There in the ground His body lay,
Light of the world by darkness slain;
Then bursting forth in glorious day,
Up from the grave He rose again!
And as He stands in victory,
Sin's curse has lost its grip on me;
For I am His and He is mine—
Bought with the precious blood of Christ.

No guilt in life, no fear in death—
This is the pow'r of Christ in me;
From life's first cry to final breath,
Jesus commands my destiny.
No pow'r of hell, no scheme of man,
Can ever pluck me from His hand;
Till He returns or calls me home—
Here in the pow'r of Christ I'll stand.

2.There is a day
That all creation's waiting for,
A day of freedom and liberation for the earth.
And on that day
The Lord will come to meet His bride,
And when we see Him
In an instant we'll be changed

The trumpet sounds 
And the dead will then be raised
By His power,
Never to perish again.
Once only flesh, 
Now clothed with immortality,
Death has now been 
Swallowed up in victory

We will meet Him in the air 
And then we will be like Him
For we will see Him, as He is
Oh yeah!
Then all hurt and pain will cease
And we'lll be with Him forever
And in His glory we will live
Oh yeah! Oh yeah!

So lift your eyes 
To the things as yet unseen,
That will remain now
For all eternity.
Though trouble's hard, 
It's only momentary
And it's acheiving
Our future glory.

Phat Phish 

3.Majesty (Here I Am)

Here I am humbled by your Majesty
Covered by your grace so free
Here I am, knowing I'm a sinful man
Covered by the blood of the Lamb

Now I've found the greatest love of all is mine
Since you laid down your life
The greatest sacrifice

Majesty, Majesty
Your grace has found me just as I am
Empty handed, but alive in your hands
Majesty, Majesty
Forever I am changed by your love
In the presence of your Majesty

Here I am humbled by the love that you give
Forgiven so that I can forgive
Here I stand, knowing that I'm your desire
Sanctified by glory and fire

Now I've found the greatest love of all is mine
Since you laid down your life
The greatest sacrifice

Written by Stu Garrard/Martin Smith ©2003 Curious? Music UK 

4. How Great is our God Words and Lyrics by Chris Tomlin : Arriving

The splendor of a King, clothed in majesty 
Let all the earth rejoice 
All the earth rejoice 

He wraps himself in Light, and darkness tries to hide 
And trembles at His voice 
Trembles at His voice 

How great is our God, sing with me 
How great is our God, and all will see 
How great, how great is our God 

Age to age He stands 
And time is in His hands 
Beginning and the end 
Beginning and the end 

The Godhead Three in One 
Father Spirit Son 
The Lion and the Lamb 
The Lion and the Lamb 

Name above all names 
Worthy of our praise 
My heart will sing 
How great is our God 

How great is our God, sing with me 
How great is our God, and all will see 
How great, how great is our God

5. Your blood speaks a better word
Than all the empty claims I've heard upon this earth
Speaks righteousness for me
And stands in my defense
Jesus it's Your blood

[Chorus]
What can wash away our sins?
What can make us whole again?
Nothing but the blood
Nothing but the blood of Jesus
What can wash us pure as snow?
Welcomed as the friends of God
Nothing but Your blood
Nothing but Your blood King Jesus

Your cross testifies in grace
Tells of the Father's heart to make a way for us
Now boldly we approach
Not by earthly confidence
It's only Your blood

[Chorus]

We thank You for the blood
We thank You for the blood

We praise You for the blood
We praise You for the blood

Nothing but Your blood
Nothing but Your blood King Jesus
Matt Redman


----------



## raekwon

This is more like it! 

I like "Before The Throne Of God Above" (google it).


----------



## Jon 316

raekwon said:


> This is more like it!
> 
> I like "Before The Throne Of God Above" (google it).

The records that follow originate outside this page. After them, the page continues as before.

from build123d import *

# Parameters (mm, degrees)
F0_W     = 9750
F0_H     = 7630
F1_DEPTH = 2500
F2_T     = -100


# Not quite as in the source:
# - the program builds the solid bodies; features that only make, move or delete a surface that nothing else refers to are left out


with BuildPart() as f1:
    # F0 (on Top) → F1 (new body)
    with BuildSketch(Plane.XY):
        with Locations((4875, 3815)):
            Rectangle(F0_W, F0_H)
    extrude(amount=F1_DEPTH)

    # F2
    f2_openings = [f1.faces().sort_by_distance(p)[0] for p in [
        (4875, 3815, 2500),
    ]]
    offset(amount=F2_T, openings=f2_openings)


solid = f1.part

I was gonna include that one, I love it too. However it was actually written in the 1800s. The version we sing is a remake 

but its good


----------



## he beholds

My favorite hymns are the RUF Indelible Grace remakes.


----------



## historyb

My favorite is _As a Deer

[video=youtube;UZv3jzOTE70]http://www.youtube.com/watch?v=UZv3jzOTE70&feature=related[/video]

_one more _The old rugged cross
_


----------



## raekwon

he beholds said:


> My favorite hymns are the RUF Indelible Grace remakes.



Those make up a good number of the songs our church sings (along with stuff from Red Mountain Church). Good stuff.


----------



## Hamalas

[video=youtube;vo9AH4vG2wA]http://www.youtube.com/watch?v=vo9AH4vG2wA&feature=related[/video]


----------



## Jon 316




----------



## TomVols

raekwon said:


> This is more like it!
> 
> I like "Before The Throne Of God Above" (google it).


Me too. I'd have it 3rd after In Christ Alone and How Great is Our God


----------



## PresbyDane

We want hymns


----------



## DMcFadden

If you aren't gonna put "Shine, Jesus Shine" on the list . . . well I never . . . 

"In Christ Alone" without quibble or qualification!!!


----------



## The Deeps

*How deep the fathers love for us*

 Is one of my favorites. Does anyone else think this belongs on the list?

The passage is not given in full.